You’ll probably get a pair of poles when you buy the snowshoes. If not, you can reuse your downhill ski poles. Many snowshoers advocate adjustable poles, which you can make shorter for ascents and longer for descents. But if you go that route, step up for some more expensive models; cheap ones that collapse on descents aren’t worth the trouble. Their locking mechanisms can also freeze into place, making them unadjustable. For these reasons, and the fact that I snowshoe on relatively flat terrain, I prefer fixed-length poles. If you plan to walk in a lot of powder, it’s better to have poles that have large baskets, so the poles don’t seek several feet into the ground. Depending on the poles you have, you can swap out baskets depending on the snow depth. (In my case, the baskets on my el-cheapo set were dislodged the first time I walked through some woods with underbrush and thin snow cover.)

As with any winter activity, proper clothing goes a long ways. Use a base layer of wicking material, just as you would skiing or riding. Follow that up with a shirt or fleece, and a jacket, but know that you may need fewer layers than you would for skiing or riding. Snowpants are always a good idea. As for shoes, you could get away with putting old athletic shoes on your feet, especially if you’re not going to walk in deep snow. Lightweight, waterproof hiking boots are much better, though. And though it may make you look like a dork, wear your ski goggles. They will keep your face warm and shelter your eyes from the wind.

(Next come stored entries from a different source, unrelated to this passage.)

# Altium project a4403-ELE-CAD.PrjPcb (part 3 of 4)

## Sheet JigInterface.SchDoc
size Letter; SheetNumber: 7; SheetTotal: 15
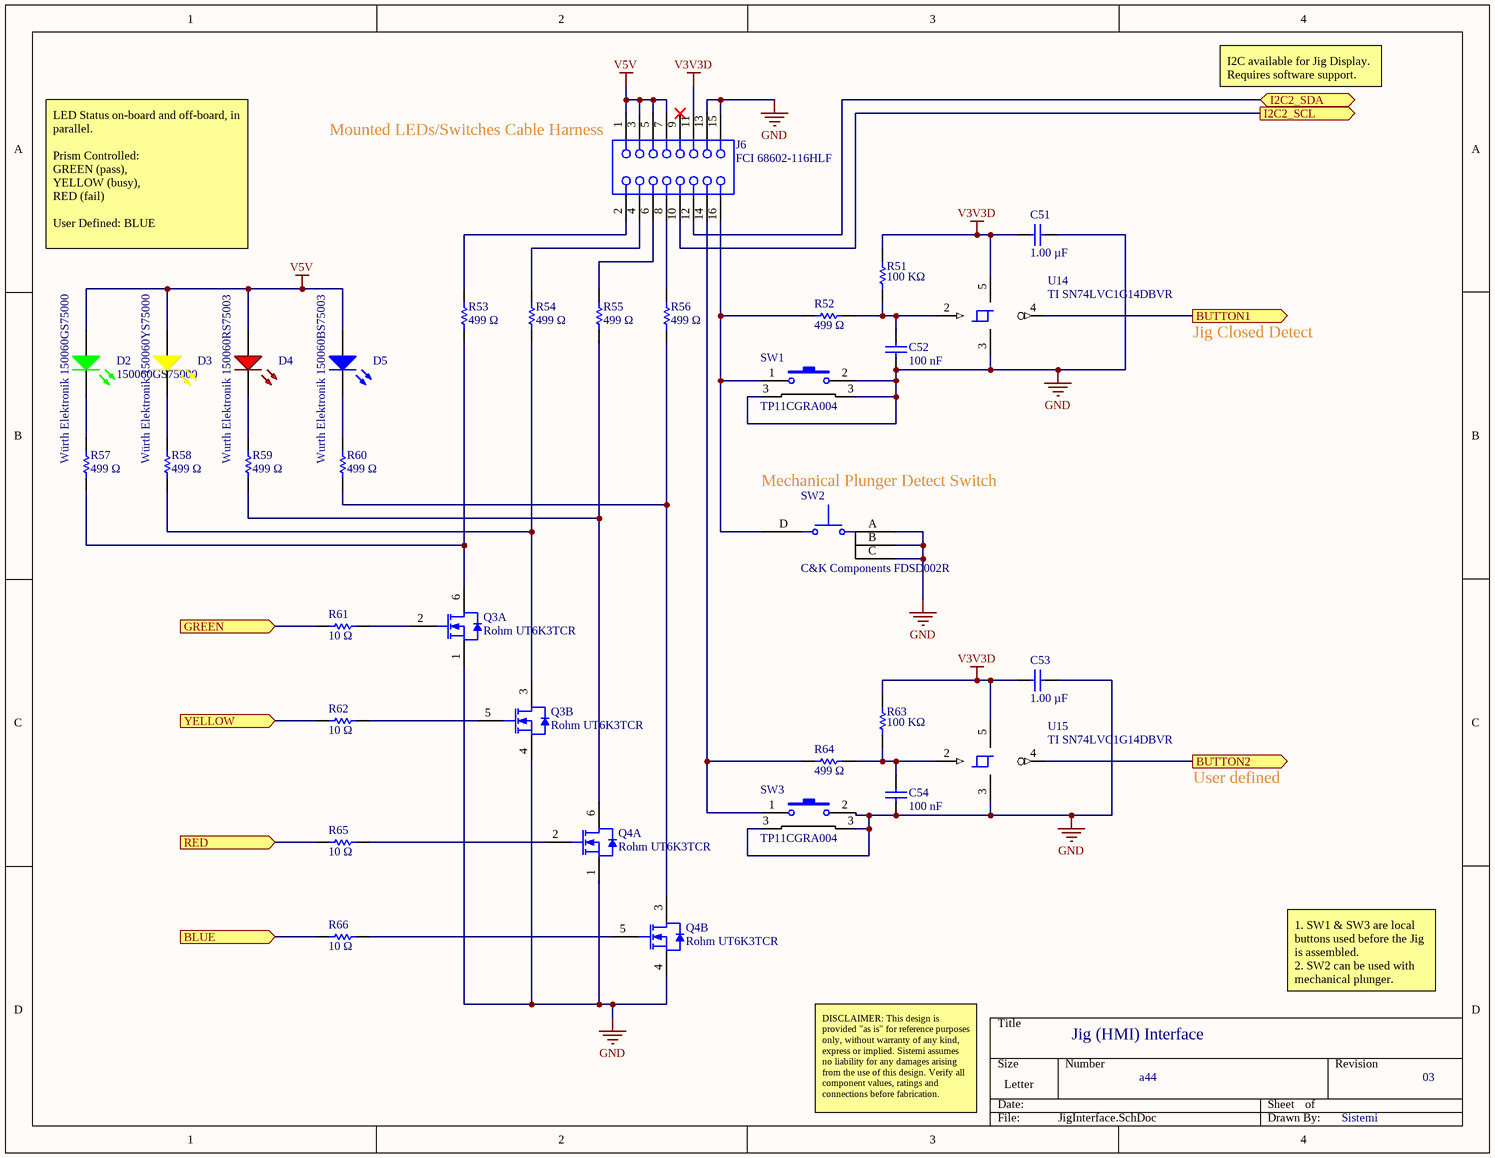
[diagram p8: JigInterface.SchDoc]

### Parts
C51  Capacitance: 1.00 µF  [CAPC1608X90X35NL15T15]  (hidden comment: Samsung CL10B105KA8NNNC)
C52  Capacitance: 100 nF  [CAPC1005X56X25NL10T15]  (hidden comment: Samsung CL05B104KO5NNNC)
C53  Capacitance: 1.00 µF  [CAPC1608X90X35NL15T15]  (hidden comment: Samsung CL10B105KA8NNNC)
C54  Capacitance: 100 nF  [CAPC1005X56X25NL10T15]  (hidden comment: Samsung CL05B104KO5NNNC)
D2  Würth Elektronik 150060GS75000  Manufacturer Part Number: 150060GS75000  [PCB-5fu3j7c0qqekthrt71i6-1]
D3  Würth Elektronik 150060YS75000  [PCB-zc2vv3u4p0giaiwimi3e-1]
D4  Wurth Elektronik 150060RS75003  [Wurth Elektronik 150060RS75003-Footprint-1]
D5  Wurth Elektronik 150060BS75003  [0603D_C]
J6  FCI 68602-116HLF  [HEADER8X2]
Q3  Rohm UT6K3TCR  [DFN2020-8D]  (parts A,B of 2)
Q4  Rohm UT6K3TCR  [DFN2020-8D]  (parts A,B of 2)
R51  Resistance: 100 KΩ  [RESC1005X40X25NL05T05]  (hidden comment: 100 KΩ,±1%,0402)
R52  Resistance: 499 Ω  [RESC1608X55X30ML15T15]  (hidden comment: Generic RES 0603)
R53  Resistance: 499 Ω  [RESC1608X55X30ML15T15]  (hidden comment: Generic RES 0603)
R54  Resistance: 499 Ω  [RESC1608X55X30ML15T15]  (hidden comment: Generic RES 0603)
R55  Resistance: 499 Ω  [RESC1608X55X30ML15T15]  (hidden comment: Generic RES 0603)
R56  Resistance: 499 Ω  [RESC1608X55X30ML15T15]  (hidden comment: Generic RES 0603)
R57  Resistance: 499 Ω  [RESC1608X55X30ML15T15]  (hidden comment: Generic RES 0603)
R58  Resistance: 499 Ω  [RESC1608X55X30ML15T15]  (hidden comment: Generic RES 0603)
R59  Resistance: 499 Ω  [RESC1608X55X30ML15T15]  (hidden comment: Generic RES 0603)
R60  Resistance: 499 Ω  [RESC1608X55X30ML15T15]  (hidden comment: Generic RES 0603)
R61  Resistance: 10 Ω  [RESC1005X40X25NL05T05]  (hidden comment: 10 Ω,±1%,0402)
R62  Resistance: 10 Ω  [RESC1005X40X25NL05T05]  (hidden comment: 10 Ω,±1%,0402)
R63  Resistance: 100 KΩ  [RESC1005X40X25NL05T05]  (hidden comment: 100 KΩ,±1%,0402)
R64  Resistance: 499 Ω  [RESC1608X55X30ML15T15]  (hidden comment: Generic RES 0603)
R65  Resistance: 10 Ω  [RESC1005X40X25NL05T05]  (hidden comment: 10 Ω,±1%,0402)
R66  Resistance: 10 Ω  [RESC1005X40X25NL05T05]  (hidden comment: 10 Ω,±1%,0402)
SW1  TP11CGRA004  [PCB-kxc5zoxy62rh6gxl0cji-1]
SW2  C&K Components FDSD002R  [FDSD002r]
SW3  TP11CGRA004  [PCB-kxc5zoxy62rh6gxl0cji-1]
U14  TI SN74LVC1G14DBVR  [TI-DBV5_M]
U15  TI SN74LVC1G14DBVR  [TI-DBV5_M]

### Ports
BLUE (in), BUTTON1 (out), BUTTON2 (out), GREEN (in), I2C2_SCL (out), I2C2_SDA (bidir), RED (in), YELLOW (in)

### Nets
3: Q3.8(D) Q4.8(D)
6: Q3.7(D) Q4.7(D)
GND: C51.1 C52.2 C53.1 C54.2 J6.13 J6.15 Q3.1(S) Q3.4(S) Q4.1(S) Q4.4(S) SW1.2 SW1.3 SW2.A SW2.B SW2.C SW3.2 SW3.3 U14.3 U15.3
V3V3D: C51.2 C53.2 J6.11 R51.2 R63.2 U14.5 U15.5
V5V: D2.2(A) D3.2(A) D4.1(A) D5.1(A) J6.1 J6.3 J6.5 J6.7
I2C2_SCL: J6.10 ; port I2C2_SCL
I2C2_SDA: J6.12 ; port I2C2_SDA
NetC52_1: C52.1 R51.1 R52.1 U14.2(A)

If you’re going during daylight hours, wear sunscreen. At night, a small headlamp gives you a place to focus your eyes. It also makes the snow glisten, adding to the visual appeal of snowshoeing.

As for the shoes themselves themselves, the most important factor is your weight: The heavier you are, the longer  your snowshoe. If you plan to hike in mountainous terrain, step up your product to some advanced models that have extra features such as crampons underneath the heel.

Where to go and what to do

You can go snowshoeing in many different places, including state parks, county parks, city parks, and even your own land. Compare this with downhill skiing or riding and you’ll see there are many more options. (Can you walk outside your back door and go snowboarding? Probably not.)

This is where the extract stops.